Improving Atmospheric Waves Experiment (AWE) Airglow Measurements Using Machine Learning Identification Methods

The Advanced Mesospheric Temperature Mapper (AMTM) is an infrared imaging system with a 20-year legacy of observing atmospheric gravity waves (AGWs) near the mesopause. Since November 2024, an AMTM has been operating aboard the International Space Station (ISS) as part of NASA’s Atmospheric Waves Experiment (AWE), capturing wide-field (~90°, ~600 km at mesopause altitude) and narrow spectral band measurements of OH (3,1) airglow emissions near 1.5 μm. Using the ratio method, it derives rotational temperatures from intensity measurements of P1(2), P1(4), and a background emission line, with the Q1(1) measurements of the (2,0) band providing improved accuracy and cross-calibration.

A major challenge in processing AMTM data is contamination from clouds, which affects more than 20% of the images, particularly in the Q1(1) channel. These clouds interfere with the retrieval of accurate mesospheric temperatures, which are essential for AGW characterization. To address this, we developed a machine learning approach that automatically detects clouds in AMTM images, both identifying whether clouds are present and locating the affected areas. This integrated method improves precision in filtering out contaminated regions while preserving usable data, leading to more reliable temperature retrievals.

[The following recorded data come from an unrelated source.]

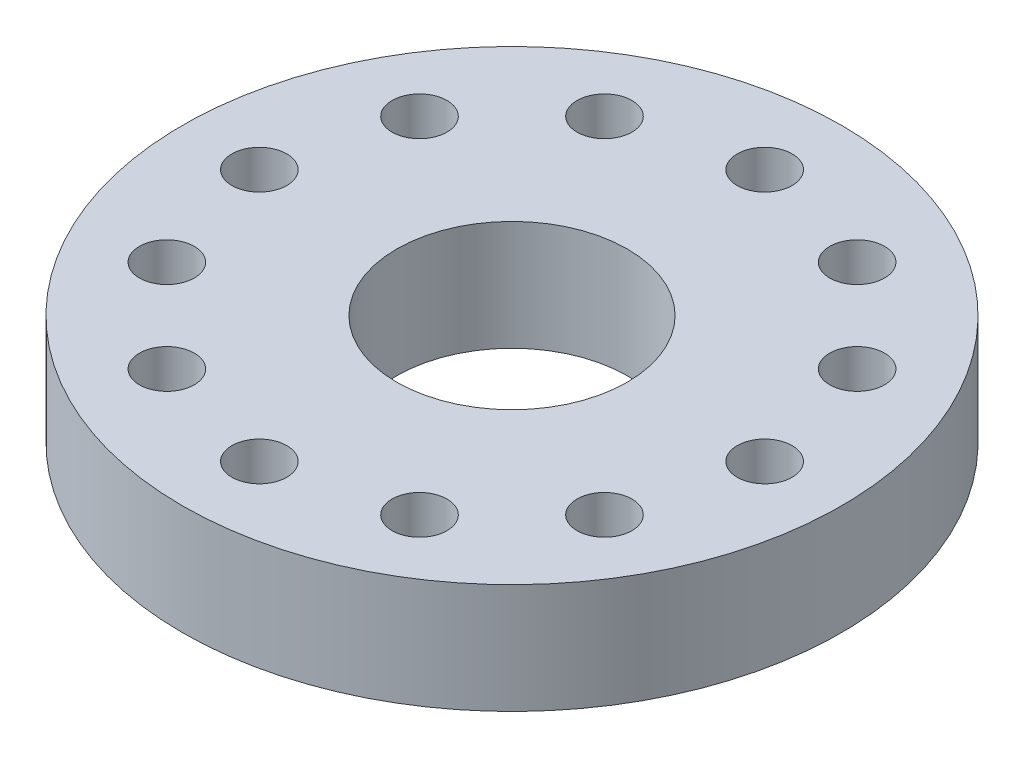
ISO-10303-21;
HEADER;
FILE_DESCRIPTION(('STEP AP214'),'2;1');
FILE_NAME('part.step','',(''),(''),'','','');
FILE_SCHEMA(('AUTOMOTIVE_DESIGN { 1 0 10303 214 1 1 1 1 }'));
ENDSEC;
DATA;
#1=APPLICATION_CONTEXT('core data for automotive mechanical design processes');
#2=APPLICATION_PROTOCOL_DEFINITION('international standard','automotive_design',2000,#1);
#3=PRODUCT_CONTEXT('',#1,'mechanical');
#4=PRODUCT('Part','Part','',(#3));
#5=PRODUCT_RELATED_PRODUCT_CATEGORY('part','',(#4));
#6=PRODUCT_DEFINITION_FORMATION('','',#4);
#7=PRODUCT_DEFINITION_CONTEXT('part definition',#1,'design');
#8=PRODUCT_DEFINITION('design','',#6,#7);
#9=PRODUCT_DEFINITION_SHAPE('','',#8);
#10=(LENGTH_UNIT() NAMED_UNIT(*) SI_UNIT(.MILLI.,.METRE.));
#11=(NAMED_UNIT(*) PLANE_ANGLE_UNIT() SI_UNIT($,.RADIAN.));
#12=(NAMED_UNIT(*) SI_UNIT($,.STERADIAN.) SOLID_ANGLE_UNIT());
#13=UNCERTAINTY_MEASURE_WITH_UNIT(LENGTH_MEASURE(1.E-05),#10,'distance_accuracy_value','');
#14=(GEOMETRIC_REPRESENTATION_CONTEXT(3) GLOBAL_UNCERTAINTY_ASSIGNED_CONTEXT((#13)) GLOBAL_UNIT_ASSIGNED_CONTEXT((#10,
#11,#12)) REPRESENTATION_CONTEXT('',''));
#15=CARTESIAN_POINT('',(0.,0.,0.));
#16=DIRECTION('',(0.,0.,1.));
#17=DIRECTION('',(1.,0.,0.));
#18=AXIS2_PLACEMENT_3D('',#15,#16,#17);
#19=CARTESIAN_POINT('',(0.,10.,0.));
#20=DIRECTION('',(0.,1.,0.));
#21=DIRECTION('',(0.,0.,1.));
#22=AXIS2_PLACEMENT_3D('',#19,#20,#21);
#23=PLANE('',#22);
#24=CARTESIAN_POINT('',(-19.9185842870416,10.,-11.499999999999));
#25=DIRECTION('',(0.,1.,0.));
#26=DIRECTION('',(0.,0.,1.));
#27=AXIS2_PLACEMENT_3D('',#24,#25,#26);
#28=CIRCLE('',#27,2.5);
#29=CARTESIAN_POINT('',(-19.9185842870416,10.,-8.99999999999905));
#30=VERTEX_POINT('',#29);
#31=EDGE_CURVE('E109',#30,#30,#28,.T.);
#32=ORIENTED_EDGE('',*,*,#31,.F.);
#33=EDGE_LOOP('',(#32));
#34=FACE_BOUND('',#33,.T.);
#35=CARTESIAN_POINT('',(-19.9185842870405,10.,11.5000000000009));
#36=DIRECTION('',(0.,1.,0.));
#37=DIRECTION('',(0.,0.,1.));
#38=AXIS2_PLACEMENT_3D('',#35,#36,#37);
#39=CIRCLE('',#38,2.5);
#40=CARTESIAN_POINT('',(-19.9185842870405,10.,14.0000000000009));
#41=VERTEX_POINT('',#40);
#42=EDGE_CURVE('E97',#41,#41,#39,.T.);
#43=ORIENTED_EDGE('',*,*,#42,.F.);
#44=EDGE_LOOP('',(#43));
#45=FACE_BOUND('',#44,.T.);
#46=CARTESIAN_POINT('',(2.16458606171264E-12,10.,23.));
#47=DIRECTION('',(0.,1.,0.));
#48=DIRECTION('',(0.,0.,1.));
#49=AXIS2_PLACEMENT_3D('',#46,#47,#48);
#50=CIRCLE('',#49,2.5);
#51=CARTESIAN_POINT('',(2.16458606171264E-12,10.,25.5));
#52=VERTEX_POINT('',#51);
#53=EDGE_CURVE('E85',#52,#52,#50,.T.);
#54=ORIENTED_EDGE('',*,*,#53,.F.);
#55=EDGE_LOOP('',(#54));
#56=FACE_BOUND('',#55,.T.);
#57=CARTESIAN_POINT('',(19.9185842870437,10.,11.4999999999991));
#58=DIRECTION('',(0.,1.,0.));
#59=DIRECTION('',(0.,0.,1.));
#60=AXIS2_PLACEMENT_3D('',#57,#58,#59);
#61=CIRCLE('',#60,2.5);
#62=CARTESIAN_POINT('',(19.9185842870437,10.,13.9999999999991));
#63=VERTEX_POINT('',#62);
#64=EDGE_CURVE('E73',#63,#63,#61,.T.);
#65=ORIENTED_EDGE('',*,*,#64,.F.);
#66=EDGE_LOOP('',(#65));
#67=FACE_BOUND('',#66,.T.);
#68=CARTESIAN_POINT('',(19.9185842870426,10.,-11.5000000000009));
#69=DIRECTION('',(0.,1.,0.));
#70=DIRECTION('',(0.,0.,1.));
#71=AXIS2_PLACEMENT_3D('',#68,#69,#70);
#72=CIRCLE('',#71,2.49999999999999);
#73=CARTESIAN_POINT('',(19.9185842870426,10.,-9.00000000000095));
#74=VERTEX_POINT('',#73);
#75=EDGE_CURVE('E61',#74,#74,#72,.T.);
#76=ORIENTED_EDGE('',*,*,#75,.F.);
#77=EDGE_LOOP('',(#76));
#78=FACE_BOUND('',#77,.T.);
#79=CARTESIAN_POINT('',(0.,10.,0.));
#80=DIRECTION('',(0.,1.,0.));
#81=DIRECTION('',(0.,0.,1.));
#82=AXIS2_PLACEMENT_3D('',#79,#80,#81);
#83=CIRCLE('',#82,10.5);
#84=CARTESIAN_POINT('',(0.,10.,10.5));
#85=VERTEX_POINT('',#84);
#86=EDGE_CURVE('E49',#85,#85,#83,.T.);
#87=ORIENTED_EDGE('',*,*,#86,.F.);
#88=EDGE_LOOP('',(#87));
#89=FACE_BOUND('',#88,.T.);
#90=CARTESIAN_POINT('',(0.,10.,0.));
#91=DIRECTION('',(0.,1.,0.));
#92=DIRECTION('',(0.,0.,1.));
#93=AXIS2_PLACEMENT_3D('',#90,#91,#92);
#94=CIRCLE('',#93,30.);
#95=CARTESIAN_POINT('',(0.,10.,30.));
#96=VERTEX_POINT('',#95);
#97=EDGE_CURVE('E10',#96,#96,#94,.T.);
#98=ORIENTED_EDGE('',*,*,#97,.T.);
#99=EDGE_LOOP('',(#98));
#100=FACE_BOUND('',#99,.T.);
#101=CARTESIAN_POINT('',(0.,10.,-23.));
#102=DIRECTION('',(0.,1.,0.));
#103=DIRECTION('',(0.,0.,1.));
#104=AXIS2_PLACEMENT_3D('',#101,#102,#103);
#105=CIRCLE('',#104,2.5);
#106=CARTESIAN_POINT('',(0.,10.,-20.5));
#107=VERTEX_POINT('',#106);
#108=EDGE_CURVE('E44',#107,#107,#105,.T.);
#109=ORIENTED_EDGE('',*,*,#108,.F.);
#110=EDGE_LOOP('',(#109));
#111=FACE_BOUND('',#110,.T.);
#112=CARTESIAN_POINT('',(11.5000000000001,10.,-19.9185842870426));
#113=DIRECTION('',(0.,1.,0.));
#114=DIRECTION('',(0.,0.,1.));
#115=AXIS2_PLACEMENT_3D('',#112,#113,#114);
#116=CIRCLE('',#115,2.5);
#117=CARTESIAN_POINT('',(11.5000000000001,10.,-17.4185842870426));
#118=VERTEX_POINT('',#117);
#119=EDGE_CURVE('E55',#118,#118,#116,.T.);
#120=ORIENTED_EDGE('',*,*,#119,.F.);
#121=EDGE_LOOP('',(#120));
#122=FACE_BOUND('',#121,.T.);
#123=CARTESIAN_POINT('',(23.0000000000011,10.,-1.08229303085632E-12));
#124=DIRECTION('',(0.,1.,0.));
#125=DIRECTION('',(0.,0.,1.));
#126=AXIS2_PLACEMENT_3D('',#123,#124,#125);
#127=CIRCLE('',#126,2.5);
#128=CARTESIAN_POINT('',(23.0000000000011,10.,2.49999999999892));
#129=VERTEX_POINT('',#128);
#130=EDGE_CURVE('E67',#129,#129,#127,.T.);
#131=ORIENTED_EDGE('',*,*,#130,.F.);
#132=EDGE_LOOP('',(#131));
#133=FACE_BOUND('',#132,.T.);
#134=CARTESIAN_POINT('',(11.500000000002,10.,19.9185842870415));
#135=DIRECTION('',(0.,1.,0.));
#136=DIRECTION('',(0.,0.,1.));
#137=AXIS2_PLACEMENT_3D('',#134,#135,#136);
#138=CIRCLE('',#137,2.5);
#139=CARTESIAN_POINT('',(11.500000000002,10.,22.4185842870415));
#140=VERTEX_POINT('',#139);
#141=EDGE_CURVE('E79',#140,#140,#138,.T.);
#142=ORIENTED_EDGE('',*,*,#141,.F.);
#143=EDGE_LOOP('',(#142));
#144=FACE_BOUND('',#143,.T.);
#145=CARTESIAN_POINT('',(-11.499999999998,10.,19.9185842870426));
#146=DIRECTION('',(0.,1.,0.));
#147=DIRECTION('',(0.,0.,1.));
#148=AXIS2_PLACEMENT_3D('',#145,#146,#147);
#149=CIRCLE('',#148,2.5);
#150=CARTESIAN_POINT('',(-11.499999999998,10.,22.4185842870426));
#151=VERTEX_POINT('',#150);
#152=EDGE_CURVE('E91',#151,#151,#149,.T.);
#153=ORIENTED_EDGE('',*,*,#152,.F.);
#154=EDGE_LOOP('',(#153));
#155=FACE_BOUND('',#154,.T.);
#156=CARTESIAN_POINT('',(-22.9999999999989,10.,1.08510971849436E-12));
#157=DIRECTION('',(0.,1.,0.));
#158=DIRECTION('',(0.,0.,1.));
#159=AXIS2_PLACEMENT_3D('',#156,#157,#158);
#160=CIRCLE('',#159,2.5);
#161=CARTESIAN_POINT('',(-22.9999999999989,10.,2.50000000000108));
#162=VERTEX_POINT('',#161);
#163=EDGE_CURVE('E103',#162,#162,#160,.T.);
#164=ORIENTED_EDGE('',*,*,#163,.F.);
#165=EDGE_LOOP('',(#164));
#166=FACE_BOUND('',#165,.T.);
#167=CARTESIAN_POINT('',(-11.4999999999999,10.,-19.9185842870415));
#168=DIRECTION('',(0.,1.,0.));
#169=DIRECTION('',(0.,0.,1.));
#170=AXIS2_PLACEMENT_3D('',#167,#168,#169);
#171=CIRCLE('',#170,2.5);
#172=CARTESIAN_POINT('',(-11.4999999999999,10.,-17.4185842870415));
#173=VERTEX_POINT('',#172);
#174=EDGE_CURVE('E115',#173,#173,#171,.T.);
#175=ORIENTED_EDGE('',*,*,#174,.F.);
#176=EDGE_LOOP('',(#175));
#177=FACE_BOUND('',#176,.T.);
#178=ADVANCED_FACE('F33',(#34,#45,#56,#67,#78,#89,#100,#111,#122,#133,#144,#155,#166,#177),#23,.T.);
#179=CARTESIAN_POINT('',(0.,0.,0.));
#180=DIRECTION('',(0.,1.,0.));
#181=DIRECTION('',(0.,0.,1.));
#182=AXIS2_PLACEMENT_3D('',#179,#180,#181);
#183=PLANE('',#182);
#184=CARTESIAN_POINT('',(0.,0.,0.));
#185=DIRECTION('',(0.,1.,0.));
#186=DIRECTION('',(0.,0.,1.));
#187=AXIS2_PLACEMENT_3D('',#184,#185,#186);
#188=CIRCLE('',#187,30.);
#189=CARTESIAN_POINT('',(0.,0.,30.));
#190=VERTEX_POINT('',#189);
#191=EDGE_CURVE('E37',#190,#190,#188,.T.);
#192=ORIENTED_EDGE('',*,*,#191,.F.);
#193=EDGE_LOOP('',(#192));
#194=FACE_BOUND('',#193,.T.);
#195=CARTESIAN_POINT('',(0.,0.,-23.));
#196=DIRECTION('',(0.,1.,0.));
#197=DIRECTION('',(0.,0.,1.));
#198=AXIS2_PLACEMENT_3D('',#195,#196,#197);
#199=CIRCLE('',#198,2.5);
#200=CARTESIAN_POINT('',(0.,0.,-20.5));
#201=VERTEX_POINT('',#200);
#202=EDGE_CURVE('E46',#201,#201,#199,.T.);
#203=ORIENTED_EDGE('',*,*,#202,.T.);
#204=EDGE_LOOP('',(#203));
#205=FACE_BOUND('',#204,.T.);
#206=CARTESIAN_POINT('',(0.,0.,0.));
#207=DIRECTION('',(0.,1.,0.));
#208=DIRECTION('',(0.,0.,1.));
#209=AXIS2_PLACEMENT_3D('',#206,#207,#208);
#210=CIRCLE('',#209,10.5);
#211=CARTESIAN_POINT('',(0.,0.,10.5));
#212=VERTEX_POINT('',#211);
#213=EDGE_CURVE('E52',#212,#212,#210,.T.);
#214=ORIENTED_EDGE('',*,*,#213,.T.);
#215=EDGE_LOOP('',(#214));
#216=FACE_BOUND('',#215,.T.);
#217=CARTESIAN_POINT('',(11.5000000000001,0.,-19.9185842870426));
#218=DIRECTION('',(0.,1.,0.));
#219=DIRECTION('',(0.,0.,1.));
#220=AXIS2_PLACEMENT_3D('',#217,#218,#219);
#221=CIRCLE('',#220,2.5);
#222=CARTESIAN_POINT('',(11.5000000000001,0.,-17.4185842870426));
#223=VERTEX_POINT('',#222);
#224=EDGE_CURVE('E58',#223,#223,#221,.T.);
#225=ORIENTED_EDGE('',*,*,#224,.T.);
#226=EDGE_LOOP('',(#225));
#227=FACE_BOUND('',#226,.T.);
#228=CARTESIAN_POINT('',(19.9185842870426,0.,-11.5000000000009));
#229=DIRECTION('',(0.,1.,0.));
#230=DIRECTION('',(0.,0.,1.));
#231=AXIS2_PLACEMENT_3D('',#228,#229,#230);
#232=CIRCLE('',#231,2.49999999999999);
#233=CARTESIAN_POINT('',(19.9185842870426,0.,-9.00000000000095));
#234=VERTEX_POINT('',#233);
#235=EDGE_CURVE('E64',#234,#234,#232,.T.);
#236=ORIENTED_EDGE('',*,*,#235,.T.);
#237=EDGE_LOOP('',(#236));
#238=FACE_BOUND('',#237,.T.);
#239=CARTESIAN_POINT('',(23.0000000000011,0.,-1.08229303085632E-12));
#240=DIRECTION('',(0.,1.,0.));
#241=DIRECTION('',(0.,0.,1.));
#242=AXIS2_PLACEMENT_3D('',#239,#240,#241);
#243=CIRCLE('',#242,2.5);
#244=CARTESIAN_POINT('',(23.0000000000011,0.,2.49999999999892));
#245=VERTEX_POINT('',#244);
#246=EDGE_CURVE('E70',#245,#245,#243,.T.);
#247=ORIENTED_EDGE('',*,*,#246,.T.);
#248=EDGE_LOOP('',(#247));
#249=FACE_BOUND('',#248,.T.);
#250=CARTESIAN_POINT('',(19.9185842870437,0.,11.4999999999991));
#251=DIRECTION('',(0.,1.,0.));
#252=DIRECTION('',(0.,0.,1.));
#253=AXIS2_PLACEMENT_3D('',#250,#251,#252);
#254=CIRCLE('',#253,2.5);
#255=CARTESIAN_POINT('',(19.9185842870437,0.,13.9999999999991));
#256=VERTEX_POINT('',#255);
#257=EDGE_CURVE('E76',#256,#256,#254,.T.);
#258=ORIENTED_EDGE('',*,*,#257,.T.);
#259=EDGE_LOOP('',(#258));
#260=FACE_BOUND('',#259,.T.);
#261=CARTESIAN_POINT('',(11.500000000002,0.,19.9185842870415));
#262=DIRECTION('',(0.,1.,0.));
#263=DIRECTION('',(0.,0.,1.));
#264=AXIS2_PLACEMENT_3D('',#261,#262,#263);
#265=CIRCLE('',#264,2.5);
#266=CARTESIAN_POINT('',(11.500000000002,0.,22.4185842870415));
#267=VERTEX_POINT('',#266);
#268=EDGE_CURVE('E82',#267,#267,#265,.T.);
#269=ORIENTED_EDGE('',*,*,#268,.T.);
#270=EDGE_LOOP('',(#269));
#271=FACE_BOUND('',#270,.T.);
#272=CARTESIAN_POINT('',(2.16458606171264E-12,0.,23.));
#273=DIRECTION('',(0.,1.,0.));
#274=DIRECTION('',(0.,0.,1.));
#275=AXIS2_PLACEMENT_3D('',#272,#273,#274);
#276=CIRCLE('',#275,2.5);
#277=CARTESIAN_POINT('',(2.16458606171264E-12,0.,25.5));
#278=VERTEX_POINT('',#277);
#279=EDGE_CURVE('E88',#278,#278,#276,.T.);
#280=ORIENTED_EDGE('',*,*,#279,.T.);
#281=EDGE_LOOP('',(#280));
#282=FACE_BOUND('',#281,.T.);
#283=CARTESIAN_POINT('',(-11.499999999998,0.,19.9185842870426));
#284=DIRECTION('',(0.,1.,0.));
#285=DIRECTION('',(0.,0.,1.));
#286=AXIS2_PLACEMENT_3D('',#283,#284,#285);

We have extended this machine learning framework to identify additional unwanted features in AWE imagery. These include solar panels occasionally blocking part of the field of view, which can cause a blurry streak in the averaged images. Ground-based light sources can have a similar effect as clouds, though they are smaller, appearing as tiny bright dots, and tend to have fixed geolocations with some seasonal variation. Automatically detecting and excluding these non-atmospheric features is crucial for maintaining the quality of derived temperatures and improving the consistency of wave analyses.

By applying machine learning across multiple levels of the AWE data pipeline, we aim to improve data quality, reduce manual intervention, and enhance our ability to observe and understand the global behavior of atmospheric gravity waves from space.